Content starts

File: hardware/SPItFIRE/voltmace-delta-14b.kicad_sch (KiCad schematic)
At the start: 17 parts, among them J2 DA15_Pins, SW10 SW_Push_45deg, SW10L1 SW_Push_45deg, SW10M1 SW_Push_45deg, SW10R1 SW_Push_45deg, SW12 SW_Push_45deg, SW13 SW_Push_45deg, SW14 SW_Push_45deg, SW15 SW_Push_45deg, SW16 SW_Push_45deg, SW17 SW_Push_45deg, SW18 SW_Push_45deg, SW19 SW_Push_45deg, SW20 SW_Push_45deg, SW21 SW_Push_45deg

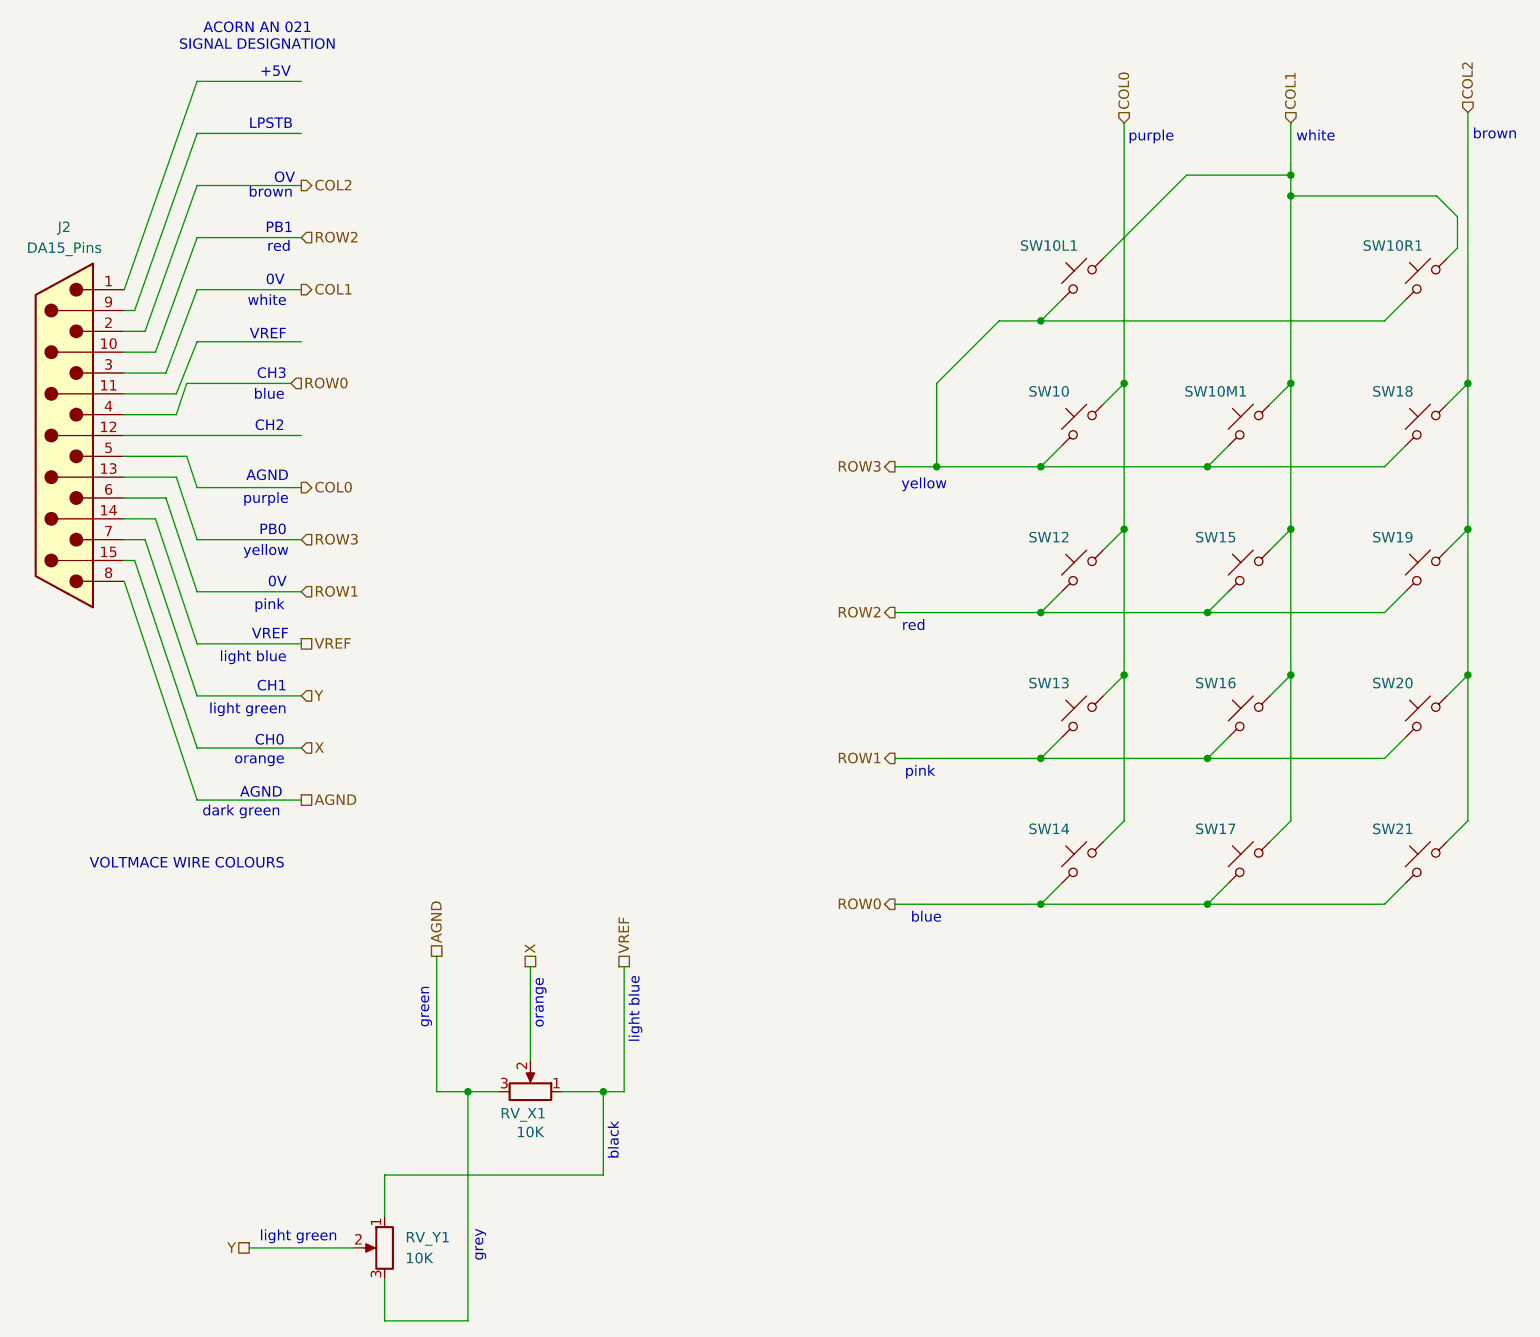
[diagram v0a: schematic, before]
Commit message: Voltmace pinouts
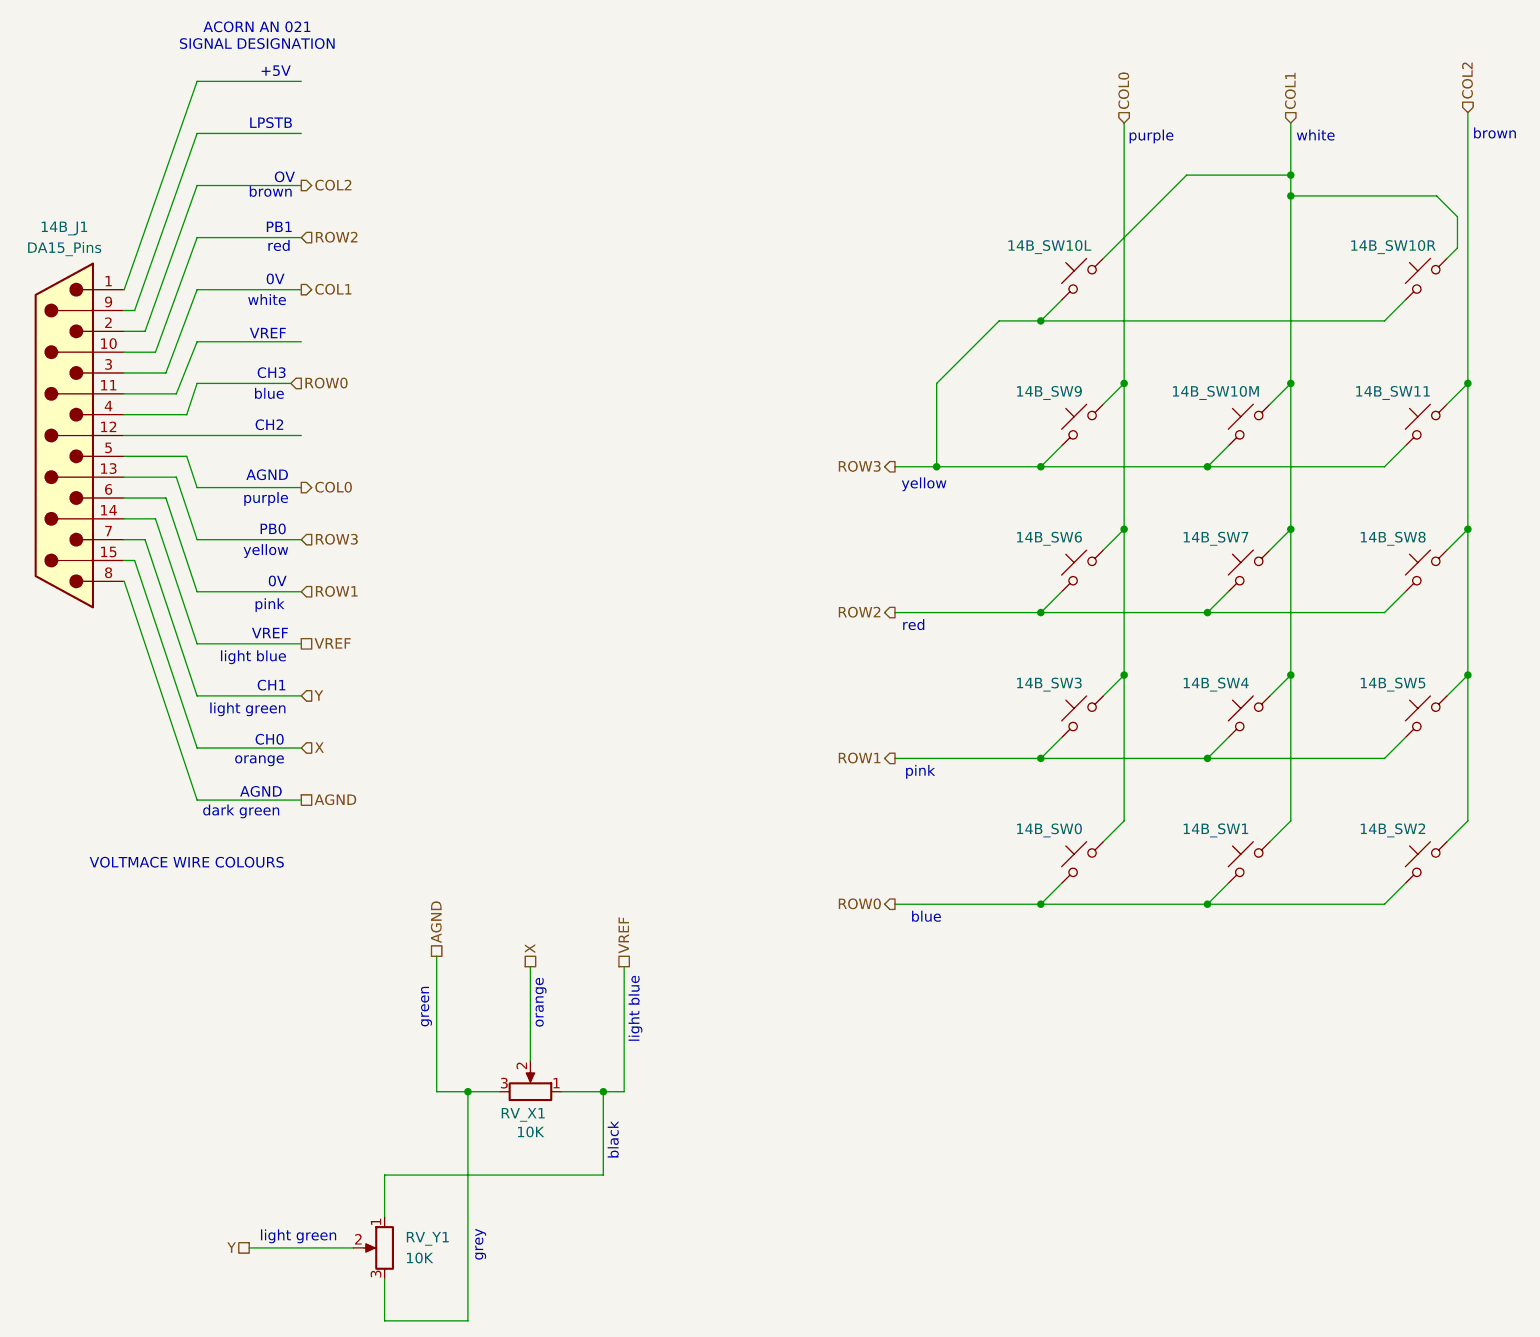
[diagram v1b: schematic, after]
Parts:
- renumbered J2 to 14B_J1, SW14 to 14B_SW0, SW17 to 14B_SW1, SW10L1 to 14B_SW10L, SW10M1 to 14B_SW10M, SW10R1 to 14B_SW10R, SW18 to 14B_SW11, SW21 to 14B_SW2, SW13 to 14B_SW3, SW16 to 14B_SW4, SW20 to 14B_SW5, SW12 to 14B_SW6, SW15 to 14B_SW7, SW19 to 14B_SW8, SW10 to 14B_SW9
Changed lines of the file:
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@@
 	(wire
 		(pts
-			(xy 71.12 69.85) (xy 72.39 66.04)
+			(xy 72.39 69.85) (xy 73.66 66.04)
 		)
 		(stroke
@@
 	(wire
 		(pts
-			(xy 72.39 66.04) (xy 85.09 66.04)
+			(xy 73.66 66.04) (xy 85.09 66.04)
 		)
 		(stroke
@@
 	(wire
 		(pts
-			(xy 64.77 69.85) (xy 71.12 69.85)
+			(xy 64.77 69.85) (xy 72.39 69.85)
 		)
 		(stroke
@@
 		(on_board yes)
 		(dnp no)
-		(property "Reference" "SW20"
+		(property "Reference" "14B_SW5"
 			(at 219.456 102.616 0)
 			(effects
@@
 			(project "SPItFIRE"
 				(path "/148e0ceb-efca-48fe-9d35-9803ba402dc8/b2803d4d-10bd-4088-a3d9-c185506ad2c5"
-					(reference "SW20")
+					(reference "14B_SW5")
 					(unit 1)
 				)
@@
 		(on_board yes)
 		(dnp no)
-		(property "Reference" "SW10L1"
+		(property "Reference" "14B_SW10L"
 			(at 177.546 49.276 0)
 			(effects
@@
 			(project "SPItFIRE"
 				(path "/148e0ceb-efca-48fe-9d35-9803ba402dc8/b2803d4d-10bd-4088-a3d9-c185506ad2c5"
-					(reference "SW10L1")
+					(reference "14B_SW10L")
 					(unit 1)
 				)
@@
 		(on_board yes)
 		(dnp no)
-		(property "Reference" "SW13"
+		(property "Reference" "14B_SW3"
 			(at 177.546 102.616 0)
 			(effects
@@
 			(project "SPItFIRE"
 				(path "/148e0ceb-efca-48fe-9d35-9803ba402dc8/b2803d4d-10bd-4088-a3d9-c185506ad2c5"
-					(reference "SW13")
+					(reference "14B_SW3")
 					(unit 1)
 				)
@@
 		(on_board yes)
 		(dnp no)
-		(property "Reference" "SW21"
+		(property "Reference" "14B_SW2"
 			(at 219.456 120.396 0)
 			(effects
@@
 			(project "SPItFIRE"
 				(path "/148e0ceb-efca-48fe-9d35-9803ba402dc8/b2803d4d-10bd-4088-a3d9-c185506ad2c5"
-					(reference "SW21")
+					(reference "14B_SW2")
 					(unit 1)
 				)
@@
 		(on_board yes)
 		(dnp no)
-		(property "Reference" "SW12"
+		(property "Reference" "14B_SW6"
 			(at 177.546 84.836 0)
 			(effects
@@
 			(project "SPItFIRE"
 				(path "/148e0ceb-efca-48fe-9d35-9803ba402dc8/b2803d4d-10bd-4088-a3d9-c185506ad2c5"
-					(reference "SW12")
+					(reference "14B_SW6")
 					(unit 1)
 				)
@@
 		(on_board yes)
 		(dnp no)
-		(property "Reference" "SW18"
+		(property "Reference" "14B_SW11"
 			(at 219.456 67.056 0)
 			(effects
@@
 			(project "SPItFIRE"
 				(path "/148e0ceb-efca-48fe-9d35-9803ba402dc8/b2803d4d-10bd-4088-a3d9-c185506ad2c5"
-					(reference "SW18")
+					(reference "14B_SW11")
 					(unit 1)
 				)
@@
 		(on_board yes)
 		(dnp no)
-		(property "Reference" "SW10M1"
+		(property "Reference" "14B_SW10M"
 			(at 197.866 67.056 0)
 			(effects
@@
 			(project "SPItFIRE"
 				(path "/148e0ceb-efca-48fe-9d35-9803ba402dc8/b2803d4d-10bd-4088-a3d9-c185506ad2c5"
-					(reference "SW10M1")
+					(reference "14B_SW10M")
 					(unit 1)
 				)
@@
 		(on_board yes)
 		(dnp no)
-		(property "Reference" "SW10"
+		(property "Reference" "14B_SW9"
 			(at 177.546 67.056 0)
 			(effects
@@
 			(project "SPItFIRE"
 				(path "/148e0ceb-efca-48fe-9d35-9803ba402dc8/b2803d4d-10bd-4088-a3d9-c185506ad2c5"
-					(reference "SW10")
+					(reference "14B_SW9")
 					(unit 1)
 				)
@@
 		(on_board yes)
 		(dnp no)
-		(property "Reference" "SW10R1"
+		(property "Reference" "14B_SW10R"
 			(at 219.456 49.276 0)
 			(effects
@@
 			(project "SPItFIRE"
 				(path "/148e0ceb-efca-48fe-9d35-9803ba402dc8/b2803d4d-10bd-4088-a3d9-c185506ad2c5"
-					(reference "SW10R1")
+					(reference "14B_SW10R")
 					(unit 1)
 				)
@@
 		(on_board yes)
 		(dnp no)
-		(property "Reference" "SW14"
+		(property "Reference" "14B_SW0"
 			(at 177.546 120.396 0)
 			(effects
@@
 			(project "SPItFIRE"
 				(path "/148e0ceb-efca-48fe-9d35-9803ba402dc8/b2803d4d-10bd-4088-a3d9-c185506ad2c5"
-					(reference "SW14")
+					(reference "14B_SW0")
 					(unit 1)
 				)
@@
 		(on_board yes)
 		(dnp no)
-		(property "Reference" "SW17"
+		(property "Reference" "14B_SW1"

Content ends

▶ **Work instructions**
Every line of the material above that includes the string "diagram" is required.

▶ **Exercise response**
[diagram v0a: schematic, before]
[diagram v1b: schematic, after]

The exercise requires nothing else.